Cyber Incident Victim: Svitzer
Date:
May 2017
Location:
Australia
Summary
A global shipping company experienced a significant data breach where emails from three employee accounts were secretly auto-forwarded externally for nearly 11 months, compromising sensitive personal information of approximately 500 Australian staff members—nearly half its local workforce. The breach affected finance, payroll, and operations accounts, potentially exposing tax file numbers, superannuation details, and next-of-kin information. The company halted the theft after an employee reported suspicious email activity, discovering malicious forwarding rules that deleted traces of the exfiltration. Forensic investigators confirmed no internal involvement, and legal action was initiated to access the external email accounts involved. The incident was disclosed under Australia’s mandatory breach notification scheme following a 15-day assessment period.
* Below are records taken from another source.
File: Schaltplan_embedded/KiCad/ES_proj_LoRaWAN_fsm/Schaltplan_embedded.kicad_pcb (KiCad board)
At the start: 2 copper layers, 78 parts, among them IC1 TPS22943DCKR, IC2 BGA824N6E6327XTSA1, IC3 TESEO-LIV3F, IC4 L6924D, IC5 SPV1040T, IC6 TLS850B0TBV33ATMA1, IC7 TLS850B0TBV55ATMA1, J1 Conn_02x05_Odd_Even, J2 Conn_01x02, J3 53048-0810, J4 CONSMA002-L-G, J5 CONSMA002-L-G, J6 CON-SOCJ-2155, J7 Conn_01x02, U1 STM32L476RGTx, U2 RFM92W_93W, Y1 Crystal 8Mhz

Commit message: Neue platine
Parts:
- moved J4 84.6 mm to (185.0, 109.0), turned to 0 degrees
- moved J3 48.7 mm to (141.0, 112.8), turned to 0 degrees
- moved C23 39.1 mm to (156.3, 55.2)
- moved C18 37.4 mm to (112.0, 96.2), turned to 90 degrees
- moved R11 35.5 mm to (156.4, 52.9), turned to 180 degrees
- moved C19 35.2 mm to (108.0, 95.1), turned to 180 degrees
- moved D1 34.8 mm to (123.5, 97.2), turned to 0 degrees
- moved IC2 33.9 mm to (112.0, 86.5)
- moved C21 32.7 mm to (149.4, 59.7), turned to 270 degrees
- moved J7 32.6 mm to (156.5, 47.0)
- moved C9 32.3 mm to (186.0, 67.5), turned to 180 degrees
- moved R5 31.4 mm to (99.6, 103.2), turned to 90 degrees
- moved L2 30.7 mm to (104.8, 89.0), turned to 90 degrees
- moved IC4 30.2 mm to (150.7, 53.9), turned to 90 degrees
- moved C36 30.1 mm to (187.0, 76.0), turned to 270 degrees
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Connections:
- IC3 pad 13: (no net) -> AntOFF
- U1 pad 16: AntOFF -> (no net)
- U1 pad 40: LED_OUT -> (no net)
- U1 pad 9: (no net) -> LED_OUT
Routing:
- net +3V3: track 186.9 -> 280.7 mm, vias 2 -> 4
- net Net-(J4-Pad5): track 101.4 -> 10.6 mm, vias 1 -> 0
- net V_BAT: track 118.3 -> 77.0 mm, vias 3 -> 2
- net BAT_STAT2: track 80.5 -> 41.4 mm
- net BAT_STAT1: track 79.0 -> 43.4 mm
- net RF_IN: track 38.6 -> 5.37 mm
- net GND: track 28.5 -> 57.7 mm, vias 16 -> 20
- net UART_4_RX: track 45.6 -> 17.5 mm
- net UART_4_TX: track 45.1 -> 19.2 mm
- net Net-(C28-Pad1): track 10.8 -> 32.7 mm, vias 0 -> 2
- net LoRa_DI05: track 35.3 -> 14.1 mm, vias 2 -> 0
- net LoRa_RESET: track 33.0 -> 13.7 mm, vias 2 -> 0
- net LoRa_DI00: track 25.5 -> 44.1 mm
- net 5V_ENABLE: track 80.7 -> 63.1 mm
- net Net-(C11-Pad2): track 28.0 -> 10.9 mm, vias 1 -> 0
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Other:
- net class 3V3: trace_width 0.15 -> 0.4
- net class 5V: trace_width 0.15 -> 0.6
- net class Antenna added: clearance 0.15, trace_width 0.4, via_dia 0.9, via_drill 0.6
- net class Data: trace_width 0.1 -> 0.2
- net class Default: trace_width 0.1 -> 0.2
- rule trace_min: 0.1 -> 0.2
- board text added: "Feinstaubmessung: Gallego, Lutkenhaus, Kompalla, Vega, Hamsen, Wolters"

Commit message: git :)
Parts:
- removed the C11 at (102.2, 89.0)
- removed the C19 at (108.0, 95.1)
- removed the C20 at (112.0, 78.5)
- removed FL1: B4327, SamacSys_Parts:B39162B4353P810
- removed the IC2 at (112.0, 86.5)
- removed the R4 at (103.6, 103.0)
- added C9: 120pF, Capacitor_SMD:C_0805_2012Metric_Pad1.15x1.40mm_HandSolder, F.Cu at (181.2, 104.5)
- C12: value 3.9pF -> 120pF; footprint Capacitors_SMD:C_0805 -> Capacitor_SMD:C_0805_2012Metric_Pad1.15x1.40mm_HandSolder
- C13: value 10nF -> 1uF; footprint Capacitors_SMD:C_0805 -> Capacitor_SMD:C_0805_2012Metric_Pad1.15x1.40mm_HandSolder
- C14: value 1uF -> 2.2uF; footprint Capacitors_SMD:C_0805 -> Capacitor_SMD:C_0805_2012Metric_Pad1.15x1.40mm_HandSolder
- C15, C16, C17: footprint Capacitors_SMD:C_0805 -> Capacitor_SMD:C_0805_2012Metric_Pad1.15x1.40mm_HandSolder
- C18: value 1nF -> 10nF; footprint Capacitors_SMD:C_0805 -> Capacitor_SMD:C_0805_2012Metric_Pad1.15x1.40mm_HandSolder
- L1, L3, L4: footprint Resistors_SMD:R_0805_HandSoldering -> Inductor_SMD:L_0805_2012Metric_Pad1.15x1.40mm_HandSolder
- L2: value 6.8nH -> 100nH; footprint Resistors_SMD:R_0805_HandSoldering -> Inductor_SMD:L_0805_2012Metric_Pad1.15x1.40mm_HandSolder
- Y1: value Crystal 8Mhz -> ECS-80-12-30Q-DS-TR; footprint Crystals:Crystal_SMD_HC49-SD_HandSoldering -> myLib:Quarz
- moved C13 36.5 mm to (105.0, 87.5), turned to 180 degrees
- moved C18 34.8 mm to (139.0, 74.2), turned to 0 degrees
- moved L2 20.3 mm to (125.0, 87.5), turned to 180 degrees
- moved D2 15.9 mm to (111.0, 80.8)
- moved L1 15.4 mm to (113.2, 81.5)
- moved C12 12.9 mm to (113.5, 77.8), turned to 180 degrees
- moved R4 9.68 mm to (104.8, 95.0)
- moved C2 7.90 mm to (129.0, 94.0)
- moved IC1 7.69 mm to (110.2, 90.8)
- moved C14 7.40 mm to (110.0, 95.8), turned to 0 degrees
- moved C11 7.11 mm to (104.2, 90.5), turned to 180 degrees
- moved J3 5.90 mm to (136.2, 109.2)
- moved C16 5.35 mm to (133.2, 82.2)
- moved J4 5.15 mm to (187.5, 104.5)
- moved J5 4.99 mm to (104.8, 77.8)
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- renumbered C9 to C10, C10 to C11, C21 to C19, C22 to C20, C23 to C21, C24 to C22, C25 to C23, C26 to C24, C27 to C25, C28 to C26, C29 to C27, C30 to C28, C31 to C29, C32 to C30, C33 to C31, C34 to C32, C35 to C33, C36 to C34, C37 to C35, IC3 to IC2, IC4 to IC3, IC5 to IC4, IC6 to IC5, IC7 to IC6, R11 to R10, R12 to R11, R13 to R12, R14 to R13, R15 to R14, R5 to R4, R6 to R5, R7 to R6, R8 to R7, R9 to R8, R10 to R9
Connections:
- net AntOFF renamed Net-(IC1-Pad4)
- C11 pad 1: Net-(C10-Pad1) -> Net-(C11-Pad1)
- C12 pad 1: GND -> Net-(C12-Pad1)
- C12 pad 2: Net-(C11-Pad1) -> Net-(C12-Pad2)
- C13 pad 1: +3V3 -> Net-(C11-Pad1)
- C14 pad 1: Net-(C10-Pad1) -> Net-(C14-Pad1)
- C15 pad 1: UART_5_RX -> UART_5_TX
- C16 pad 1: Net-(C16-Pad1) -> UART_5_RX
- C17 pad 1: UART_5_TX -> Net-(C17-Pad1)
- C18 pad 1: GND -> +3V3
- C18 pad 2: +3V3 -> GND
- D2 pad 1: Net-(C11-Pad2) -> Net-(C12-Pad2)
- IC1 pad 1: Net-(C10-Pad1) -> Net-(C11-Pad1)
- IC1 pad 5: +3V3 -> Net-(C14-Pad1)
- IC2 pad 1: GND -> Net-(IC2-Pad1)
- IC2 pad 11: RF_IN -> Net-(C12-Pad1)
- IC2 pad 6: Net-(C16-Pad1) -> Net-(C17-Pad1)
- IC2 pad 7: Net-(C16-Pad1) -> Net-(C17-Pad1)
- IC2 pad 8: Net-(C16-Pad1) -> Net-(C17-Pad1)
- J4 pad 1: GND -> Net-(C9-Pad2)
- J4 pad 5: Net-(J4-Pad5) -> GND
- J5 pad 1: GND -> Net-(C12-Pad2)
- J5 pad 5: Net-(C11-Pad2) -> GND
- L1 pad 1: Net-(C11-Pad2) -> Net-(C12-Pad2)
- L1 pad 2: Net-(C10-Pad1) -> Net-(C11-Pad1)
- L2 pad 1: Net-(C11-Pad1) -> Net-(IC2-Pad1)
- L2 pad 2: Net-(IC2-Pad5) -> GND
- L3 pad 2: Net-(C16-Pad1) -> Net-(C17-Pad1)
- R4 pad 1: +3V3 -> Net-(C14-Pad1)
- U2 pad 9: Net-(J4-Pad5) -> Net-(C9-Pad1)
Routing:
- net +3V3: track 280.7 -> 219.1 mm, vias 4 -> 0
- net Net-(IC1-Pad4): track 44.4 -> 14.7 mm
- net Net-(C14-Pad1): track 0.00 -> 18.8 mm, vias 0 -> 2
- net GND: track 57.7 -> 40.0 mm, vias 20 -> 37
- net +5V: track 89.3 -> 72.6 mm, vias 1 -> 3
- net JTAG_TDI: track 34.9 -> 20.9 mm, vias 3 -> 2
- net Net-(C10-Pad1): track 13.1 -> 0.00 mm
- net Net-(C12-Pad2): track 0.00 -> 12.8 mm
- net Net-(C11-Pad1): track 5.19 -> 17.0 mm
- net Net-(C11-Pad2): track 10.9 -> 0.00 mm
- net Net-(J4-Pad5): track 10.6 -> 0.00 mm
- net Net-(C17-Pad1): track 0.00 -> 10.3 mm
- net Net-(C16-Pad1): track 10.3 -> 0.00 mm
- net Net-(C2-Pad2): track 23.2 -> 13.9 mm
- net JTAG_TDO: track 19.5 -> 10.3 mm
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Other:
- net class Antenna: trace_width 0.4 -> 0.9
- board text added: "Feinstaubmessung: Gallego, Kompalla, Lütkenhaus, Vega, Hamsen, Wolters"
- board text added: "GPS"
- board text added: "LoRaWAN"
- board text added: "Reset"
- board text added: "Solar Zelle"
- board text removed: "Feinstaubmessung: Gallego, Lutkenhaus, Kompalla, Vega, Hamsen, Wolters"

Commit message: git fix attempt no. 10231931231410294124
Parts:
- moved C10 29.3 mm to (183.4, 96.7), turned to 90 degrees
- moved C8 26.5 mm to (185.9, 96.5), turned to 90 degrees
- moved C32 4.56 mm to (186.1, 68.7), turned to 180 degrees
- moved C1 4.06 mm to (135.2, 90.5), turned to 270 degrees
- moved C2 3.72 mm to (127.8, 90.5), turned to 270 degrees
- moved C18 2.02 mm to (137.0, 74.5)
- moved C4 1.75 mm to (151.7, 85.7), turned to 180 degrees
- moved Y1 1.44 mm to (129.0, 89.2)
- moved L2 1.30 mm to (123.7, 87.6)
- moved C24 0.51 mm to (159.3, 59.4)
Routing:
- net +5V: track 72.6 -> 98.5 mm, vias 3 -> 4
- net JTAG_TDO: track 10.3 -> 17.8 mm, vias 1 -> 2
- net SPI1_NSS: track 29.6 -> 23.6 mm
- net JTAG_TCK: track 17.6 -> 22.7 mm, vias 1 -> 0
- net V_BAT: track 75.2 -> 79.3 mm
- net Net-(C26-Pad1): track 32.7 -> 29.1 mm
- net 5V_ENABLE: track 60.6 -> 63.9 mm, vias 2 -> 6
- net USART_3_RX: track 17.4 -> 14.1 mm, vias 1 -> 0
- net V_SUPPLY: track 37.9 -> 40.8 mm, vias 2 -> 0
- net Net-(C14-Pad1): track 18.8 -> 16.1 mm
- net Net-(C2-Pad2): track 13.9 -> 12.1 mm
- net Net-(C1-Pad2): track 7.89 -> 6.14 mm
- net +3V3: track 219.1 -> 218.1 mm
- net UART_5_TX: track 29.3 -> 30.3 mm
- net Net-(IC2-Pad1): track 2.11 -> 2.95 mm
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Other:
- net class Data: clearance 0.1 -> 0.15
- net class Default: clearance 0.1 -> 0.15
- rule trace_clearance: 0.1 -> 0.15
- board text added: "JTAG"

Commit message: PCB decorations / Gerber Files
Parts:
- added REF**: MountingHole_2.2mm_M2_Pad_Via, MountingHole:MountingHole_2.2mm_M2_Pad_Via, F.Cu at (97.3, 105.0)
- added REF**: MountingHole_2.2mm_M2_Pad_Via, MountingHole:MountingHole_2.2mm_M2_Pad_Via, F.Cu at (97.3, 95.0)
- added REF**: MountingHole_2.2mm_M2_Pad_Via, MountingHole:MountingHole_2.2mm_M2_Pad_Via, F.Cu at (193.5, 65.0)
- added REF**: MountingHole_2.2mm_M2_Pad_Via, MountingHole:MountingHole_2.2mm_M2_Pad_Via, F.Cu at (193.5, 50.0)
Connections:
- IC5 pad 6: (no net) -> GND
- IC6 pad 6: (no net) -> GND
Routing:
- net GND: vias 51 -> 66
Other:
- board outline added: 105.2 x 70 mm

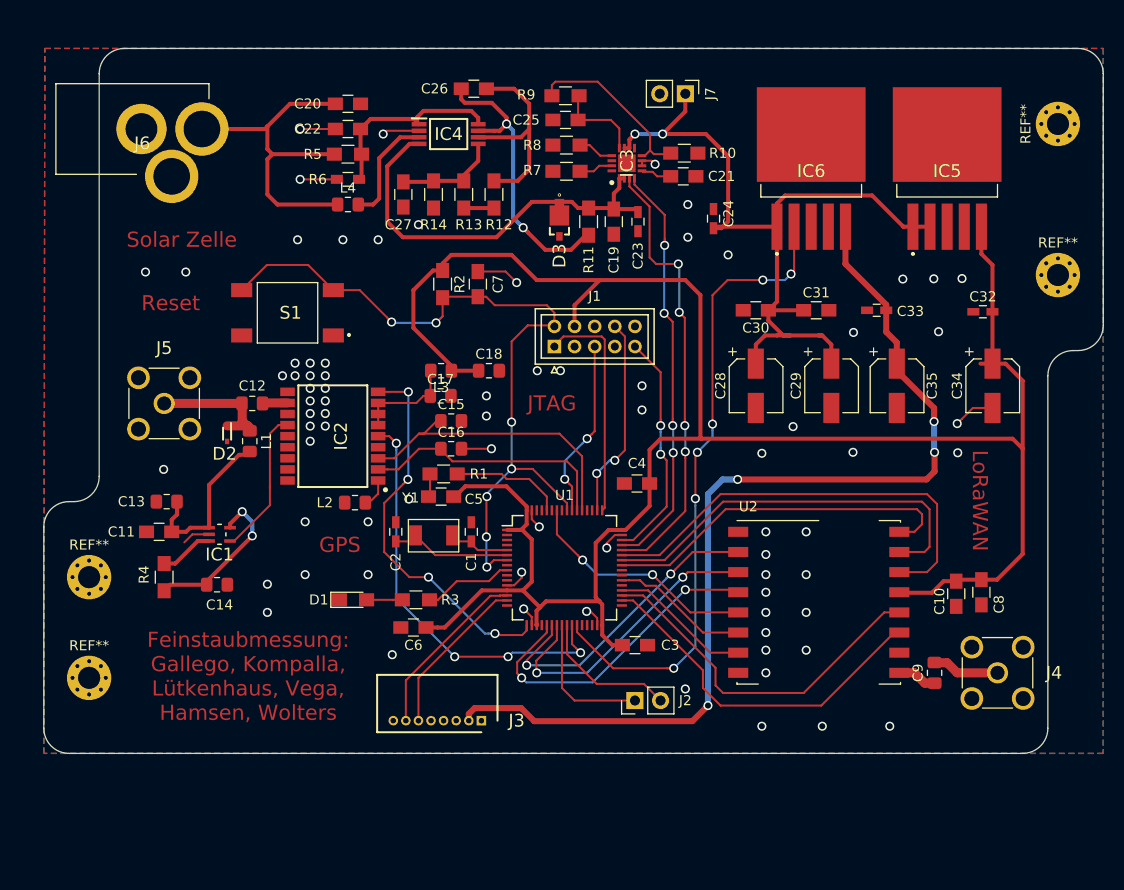
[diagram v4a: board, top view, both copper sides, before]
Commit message: Antenna conn change / layout fixes
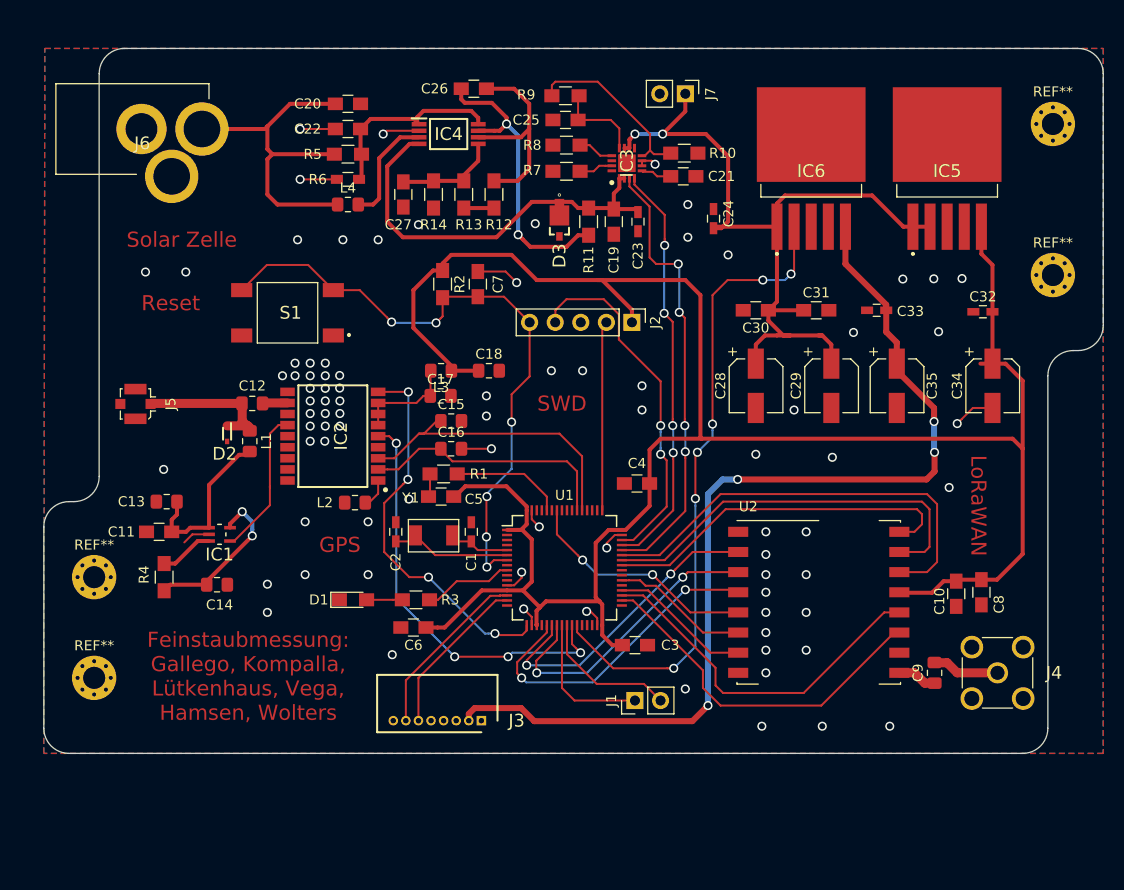
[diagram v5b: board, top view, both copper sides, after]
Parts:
- removed the REF** at (97.3, 105.0)
- removed the REF** at (97.3, 95.0)
- removed the REF** at (193.5, 65.0)
- removed the REF** at (193.5, 50.0)
- added REF**: MountingHole_2.2mm_M2_Pad_Via, MountingHole:MountingHole_2.2mm_M2_Pad_Via, F.Cu at (97.8, 95.0)
- added REF**: MountingHole_2.2mm_M2_Pad_Via, MountingHole:MountingHole_2.2mm_M2_Pad_Via, F.Cu at (97.8, 105.0)
- added REF**: MountingHole_2.2mm_M2_Pad_Via, MountingHole:MountingHole_2.2mm_M2_Pad_Via, F.Cu at (193.0, 65.0)
- added REF**: MountingHole_2.2mm_M2_Pad_Via, MountingHole:MountingHole_2.2mm_M2_Pad_Via, F.Cu at (193.0, 50.0)
- J1: value Conn_02x05_Odd_Even -> Conn_01x02; footprint Connectors_JAE:JAE_LY20-10P-2T_2x05x2.00mm_Straight -> Connector_PinHeader_2.54mm:PinHeader_1x02_P2.54mm_Vertical
- J2: value Conn_01x02 -> Conn_01x05; footprint Pin_Headers:Pin_Header_Straight_1x02_Pitch2.54mm -> Connector_PinHeader_2.54mm:PinHeader_1x05_P2.54mm_Vertical
- J5: value CONSMA002-L-G -> Conn_Coaxial; footprint SamacSys_Parts:CONSMA002LG -> Connector_Coaxial:U.FL_Molex_MCRF_73412-0110_Vertical
- moved J2 37.6 mm to (151.2, 69.7), turned to 270 degrees
- moved J1 36.0 mm to (151.5, 107.2), turned to 90 degrees
- moved J5 2.85 mm to (101.9, 77.8), turned to 90 degrees
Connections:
- net VREF renamed Net-(C25-Pad1)
- C7 pad 1: JTAG_RESET -> NRST
- J1 pad 1: JTAG_TCK -> USART_3_TX
- J1 pad 2: GND -> USART_3_RX
- J2 pad 1: USART_3_TX -> +3V3
- J2 pad 2: USART_3_RX -> SWCLK
- R2 pad 2: JTAG_RESET -> NRST
- S1 pad 3: JTAG_RESET -> NRST
- S1 pad 4: JTAG_RESET -> NRST
- U1 pad 46: JTAG_TMS -> SWDIO
- U1 pad 49: JTAG_TCK -> SWCLK
- U1 pad 50: JTAG_TDI -> (no net)
- U1 pad 55: JTAG_TDO -> (no net)
- U1 pad 56: JTAG_RESET -> (no net)
- U1 pad 7: JTAG_RESET -> NRST
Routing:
- net JTAG_RESET: track 77.4 -> 0.00 mm, vias 7 -> 0
- net NRST: track 0.00 -> 64.1 mm, vias 0 -> 6
- net SWDIO: track 0.00 -> 35.5 mm, vias 0 -> 2
- net JTAG_TMS: track 23.0 -> 0.00 mm, vias 2 -> 0
- net JTAG_TCK: track 22.7 -> 0.00 mm
- net JTAG_TDI: track 20.2 -> 0.00 mm, vias 2 -> 0
- net SWCLK: track 0.00 -> 18.8 mm
- net JTAG_TDO: track 17.8 -> 0.00 mm, vias 2 -> 0
- net Net-(C12-Pad2): track 12.8 -> 14.2 mm
- net GND: track 39.9 -> 40.2 mm, vias 66 -> 73
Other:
- board text added: "SWD"
- board text removed: "JTAG"

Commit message: Stecker gedreht
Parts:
- moved J3 9.03 mm to (127.9, 105.8), turned to 180 degrees
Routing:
- net +5V: track 98.5 -> 104.7 mm
- net UART_4_RX: track 16.2 -> 11.1 mm
- net UART_4_TX: track 17.5 -> 14.6 mm, vias 0 -> 2
- net GPS_WAKEUP: track 41.4 -> 40.2 mm

| CIA Posture | Motives | Tactics, Techniques & Procedures |
|---|---|---|
| Available to members | 1 motive | 2 techniques |
| Threat Actors | Type | Location |
|---|---|---|
| 0 actors | Available to members | Available to members |
Description
The Svitzer data breach began on May 27, 2017, when unauthorized email forwarding rules were secretly established on three employee accounts within the Australian operations of the global shipping company. These rules automatically forwarded emails from finance, payroll, and operations departments to two external email accounts without the knowledge of the account owners. The perpetrator implemented additional rules to delete forwarded emails from the sent folders, concealing the exfiltration. This activity continued undetected for nearly 11 months until March 1, 2018, when an employee alerted Svitzer's IT help desk about a suspicious email rejection notice originating from an external account. Subsequent investigation revealed the unauthorized forwarding mechanism, prompting immediate containment measures to disable the rules. Approximately 500 Australian employees – nearly half of Svitzer's 1,000-person domestic workforce – had sensitive personal information compromised, including tax file numbers, superannuation account details, and next-of-kin information. Forensic experts estimated between 50,000 to 60,000 emails were exfiltrated during the breach period.

Svitzer engaged forensic IT specialists to investigate the incident and served a court order on March 15, 2018, to compel the unidentified external email provider hosting the recipient accounts to grant access for the investigation. Company representatives ruled out internal involvement but did not publicly attribute the breach to specific threat actors. Management notified affected employees on the same day as regulatory disclosure, offering support services while continuing to assess the full scope of compromised data. The breach was reported to Australia's Office of the Australian Information Commissioner (OAIC) under the newly implemented Notifiable Data Breaches scheme, marking one of the first disclosures under this framework. The 15-day interval between discovery and formal notification drew commentary regarding compliance timelines, though it fell within the scheme's 30-day assessment window. Ongoing investigations focused on determining whether additional systems beyond the three email accounts were compromised and identifying the perpetrator through the court-ordered email provider access.